JOHANNESBURG : NJ AYUK : « Quand la prévisibilité est rétablie, les capitaux réagissent »

JOHANNESBURG : NJ AYUK : « Quand la prévisibilité est rétablie, les capitaux réagissent »

Le Nigeria a connu un retour impressionnant sur la scène énergétique africaine, attirant 40 % des décisions finales d’investissement (FID) dans le secteur amont du continent en seulement deux ans, un bond par rapport à 4 % précédemment. Ce constat émane du rapport « Réformes du secteur énergétique du Nigeria 2023-2026 : bilan triennal », élaboré par le Bureau du conseiller spécial du président pour l’énergie, Olu Verheijen. Cette dynamique s’accompagne d’un portefeuille de projets évalué à 50 milliards de dollars, marquant un engagement financier sans précédent depuis plus de dix ans.

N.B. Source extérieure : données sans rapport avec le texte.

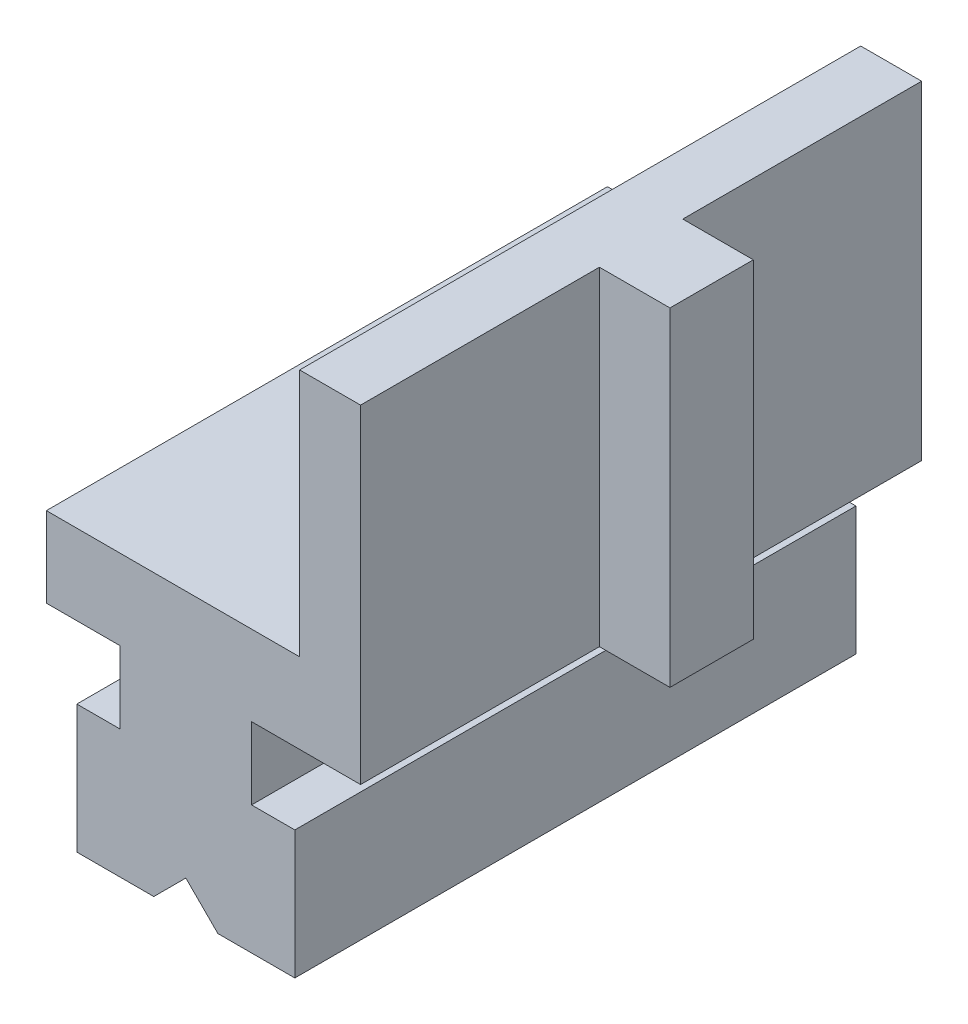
ISO-10303-21;
HEADER;
FILE_DESCRIPTION(('STEP AP214'),'2;1');
FILE_NAME('part.step','',(''),(''),'','','');
FILE_SCHEMA(('AUTOMOTIVE_DESIGN { 1 0 10303 214 1 1 1 1 }'));
ENDSEC;
DATA;
#1=APPLICATION_CONTEXT('core data for automotive mechanical design processes');
#2=APPLICATION_PROTOCOL_DEFINITION('international standard','automotive_design',2000,#1);
#3=PRODUCT_CONTEXT('',#1,'mechanical');
#4=PRODUCT('Part','Part','',(#3));
#5=PRODUCT_RELATED_PRODUCT_CATEGORY('part','',(#4));
#6=PRODUCT_DEFINITION_FORMATION('','',#4);
#7=PRODUCT_DEFINITION_CONTEXT('part definition',#1,'design');
#8=PRODUCT_DEFINITION('design','',#6,#7);
#9=PRODUCT_DEFINITION_SHAPE('','',#8);
#10=(LENGTH_UNIT() NAMED_UNIT(*) SI_UNIT(.MILLI.,.METRE.));
#11=(NAMED_UNIT(*) PLANE_ANGLE_UNIT() SI_UNIT($,.RADIAN.));
#12=(NAMED_UNIT(*) SI_UNIT($,.STERADIAN.) SOLID_ANGLE_UNIT());
#13=UNCERTAINTY_MEASURE_WITH_UNIT(LENGTH_MEASURE(1.E-05),#10,'distance_accuracy_value','');
#14=(GEOMETRIC_REPRESENTATION_CONTEXT(3) GLOBAL_UNCERTAINTY_ASSIGNED_CONTEXT((#13)) GLOBAL_UNIT_ASSIGNED_CONTEXT((#10,
#11,#12)) REPRESENTATION_CONTEXT('',''));
#15=CARTESIAN_POINT('',(0.,0.,0.));
#16=DIRECTION('',(0.,0.,1.));
#17=DIRECTION('',(1.,0.,0.));
#18=AXIS2_PLACEMENT_3D('',#15,#16,#17);
#19=CARTESIAN_POINT('',(15.3000049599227,20.5000076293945,-2.6));
#20=DIRECTION('',(0.,0.,1.));
#21=DIRECTION('',(1.,0.,0.));
#22=AXIS2_PLACEMENT_3D('',#19,#20,#21);
#23=PLANE('',#22);
#24=DIRECTION('',(1.,0.,0.));
#25=VECTOR('',#24,1.);
#26=CARTESIAN_POINT('',(7.10000801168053,20.5000076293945,-2.6));
#27=LINE('',#26,#25);
#28=CARTESIAN_POINT('',(15.3000049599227,20.5000076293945,-2.6));
#29=VERTEX_POINT('',#28);
#30=CARTESIAN_POINT('',(10.9000049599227,20.5000076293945,-2.6));
#31=VERTEX_POINT('',#30);
#32=EDGE_CURVE('E124',#29,#31,#27,.F.);
#33=ORIENTED_EDGE('',*,*,#32,.F.);
#34=DIRECTION('',(-3.72165448E-07,0.999999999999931,0.));
#35=VECTOR('',#34,1.);
#36=CARTESIAN_POINT('',(15.3000049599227,20.5000076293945,-2.6));
#37=LINE('',#36,#35);
#38=CARTESIAN_POINT('',(15.3000125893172,0.,-2.6));
#39=VERTEX_POINT('',#38);
#40=EDGE_CURVE('E18',#39,#29,#37,.T.);
#41=ORIENTED_EDGE('',*,*,#40,.F.);
#42=DIRECTION('',(1.,0.,0.));
#43=VECTOR('',#42,1.);
#44=CARTESIAN_POINT('',(15.3000125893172,0.,-2.6));
#45=LINE('',#44,#43);
#46=CARTESIAN_POINT('',(10.9000125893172,-8.18763986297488E-07,-2.59999999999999));
#47=VERTEX_POINT('',#46);
#48=EDGE_CURVE('E121',#47,#39,#45,.T.);
#49=ORIENTED_EDGE('',*,*,#48,.F.);
#50=DIRECTION('',(-3.72165448E-07,0.999999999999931,0.));
#51=VECTOR('',#50,1.);
#52=CARTESIAN_POINT('',(10.9000087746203,10.2500021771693,-2.59999999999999));
#53=LINE('',#52,#51);
#54=EDGE_CURVE('E264',#31,#47,#53,.F.);
#55=ORIENTED_EDGE('',*,*,#54,.F.);
#56=EDGE_LOOP('',(#33,#41,#49,#55));
#57=FACE_BOUND('',#56,.T.);
#58=ADVANCED_FACE('F15',(#57),#23,.F.);
#59=CARTESIAN_POINT('',(15.3000125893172,0.,2.6));
#60=DIRECTION('',(0.,0.,-1.));
#61=DIRECTION('',(-1.,0.,0.));
#62=AXIS2_PLACEMENT_3D('',#59,#60,#61);
#63=PLANE('',#62);
#64=DIRECTION('',(1.,0.,0.));
#65=VECTOR('',#64,1.);
#66=CARTESIAN_POINT('',(15.3000125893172,0.,2.6));
#67=LINE('',#66,#65);
#68=CARTESIAN_POINT('',(15.3000125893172,0.,2.6));
#69=VERTEX_POINT('',#68);
#70=CARTESIAN_POINT('',(10.9000125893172,0.,2.6));
#71=VERTEX_POINT('',#70);
#72=EDGE_CURVE('E135',#69,#71,#67,.F.);
#73=ORIENTED_EDGE('',*,*,#72,.F.);
#74=DIRECTION('',(-3.72165448E-07,0.999999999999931,0.));
#75=VECTOR('',#74,1.);
#76=CARTESIAN_POINT('',(15.3000049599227,20.5000076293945,2.6));
#77=LINE('',#76,#75);
#78=CARTESIAN_POINT('',(15.3000049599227,20.5000076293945,2.6));
#79=VERTEX_POINT('',#78);
#80=EDGE_CURVE('E128',#79,#69,#77,.F.);
#81=ORIENTED_EDGE('',*,*,#80,.F.);
#82=DIRECTION('',(1.,0.,0.));
#83=VECTOR('',#82,1.);
#84=CARTESIAN_POINT('',(7.10000801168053,20.5000076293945,2.6));
#85=LINE('',#84,#83);
#86=CARTESIAN_POINT('',(10.9000049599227,20.5000076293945,2.6));
#87=VERTEX_POINT('',#86);
#88=EDGE_CURVE('E201',#87,#79,#85,.T.);
#89=ORIENTED_EDGE('',*,*,#88,.F.);
#90=DIRECTION('',(-3.72165448E-07,0.999999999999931,0.));
#91=VECTOR('',#90,1.);
#92=CARTESIAN_POINT('',(10.9000087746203,10.2500021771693,2.59999999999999));
#93=LINE('',#92,#91);
#94=EDGE_CURVE('E149',#71,#87,#93,.T.);
#95=ORIENTED_EDGE('',*,*,#94,.F.);
#96=EDGE_LOOP('',(#73,#81,#89,#95));
#97=FACE_BOUND('',#96,.T.);
#98=ADVANCED_FACE('F376',(#97),#63,.F.);
#99=CARTESIAN_POINT('',(15.3000049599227,20.5000076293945,0.));
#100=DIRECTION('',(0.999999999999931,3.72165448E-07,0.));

Entre 2014 et 2023, le Nigeria, malgré ses 37,5 milliards de barils de réserves prouvées, figurait parmi les pays les moins attractifs d’Afrique pour les investissements pétroliers. L’Algérie et l’Angola captaient la majorité des FID, tandis que le Nigeria se classait derrière des pays comme le Mozambique ou le Ghana. Cette tendance a atteint un point critique au troisième trimestre 2022, lorsque la production de brut est tombée sous le million de barils par jour, en raison d’un sous-investissement chronique et d’un cadre réglementaire jugé flou.

Pour inverser cette tendance, le gouvernement nigérian a mis en œuvre plusieurs réformes structurelles et fiscales. Des directives politiques publiées en 2023 ont clarifié les rôles de la Commission de régulation du secteur pétrolier en amont (NUPRC) et de l’Autorité de régulation des secteurs intermédiaire et aval (NMDPRA), éliminant ainsi des incertitudes. Des mesures incitatives fiscales ont également été introduites pour relancer les projets en eaux profondes. De plus, les délais administratifs pour la passation de marchés ont été réduits de 36 à 6 mois.

Ces réformes ont facilité le transfert d’actifs majeurs des compagnies pétrolières internationales vers des opérateurs locaux, totalisant environ 4 milliards de dollars. Ce changement a eu un impact direct sur la production, qui a augmenté de 400 000 barils par jour entre 2023 et 2025, atteignant 1,6 million de barils par jour, son niveau le plus élevé en vingt ans.

La réponse des investisseurs a été rapide. Shell a validé un projet en eaux profondes de 5 milliards de dollars, tandis que TotalEnergies a engagé 550 millions de dollars pour un projet gazier. Ces engagements dépassent les 10 milliards de dollars, marquant une rupture avec une décennie de stagnation. Pour 2025, 28 plans de développement de gisements, d’une valeur de 18,2 milliards de dollars, ont été approuvés.

« Lorsqu’un gouvernement rétablit à la fois la compétitivité fiscale et la prévisibilité réglementaire, les capitaux réagissent. Le Nigeria a fait les deux, et les chiffres relatifs aux décisions d’investissement définitives en sont la preuve concrète », a déclaré NJ Ayuk, président exécutif de la Chambre africaine de l’énergie.

Le rapport souligne l’ampleur du redressement en présentant un scénario sans réforme, où la production aurait chuté à 579 000 barils par jour d’ici 2030. Grâce aux réformes, la production est projetée à 1,77 million de barils par jour en 2026, avec un objectif de 3 millions de barils par jour. La pérennité de ces résultats dépendra de la stabilité du nouveau cadre institutionnel et de la capacité à exécuter les projets ambitieux en eaux profondes signés ces deux dernières années.

Source : Bureau du conseiller spécial du président pour l’énergie, Olu Verheijen.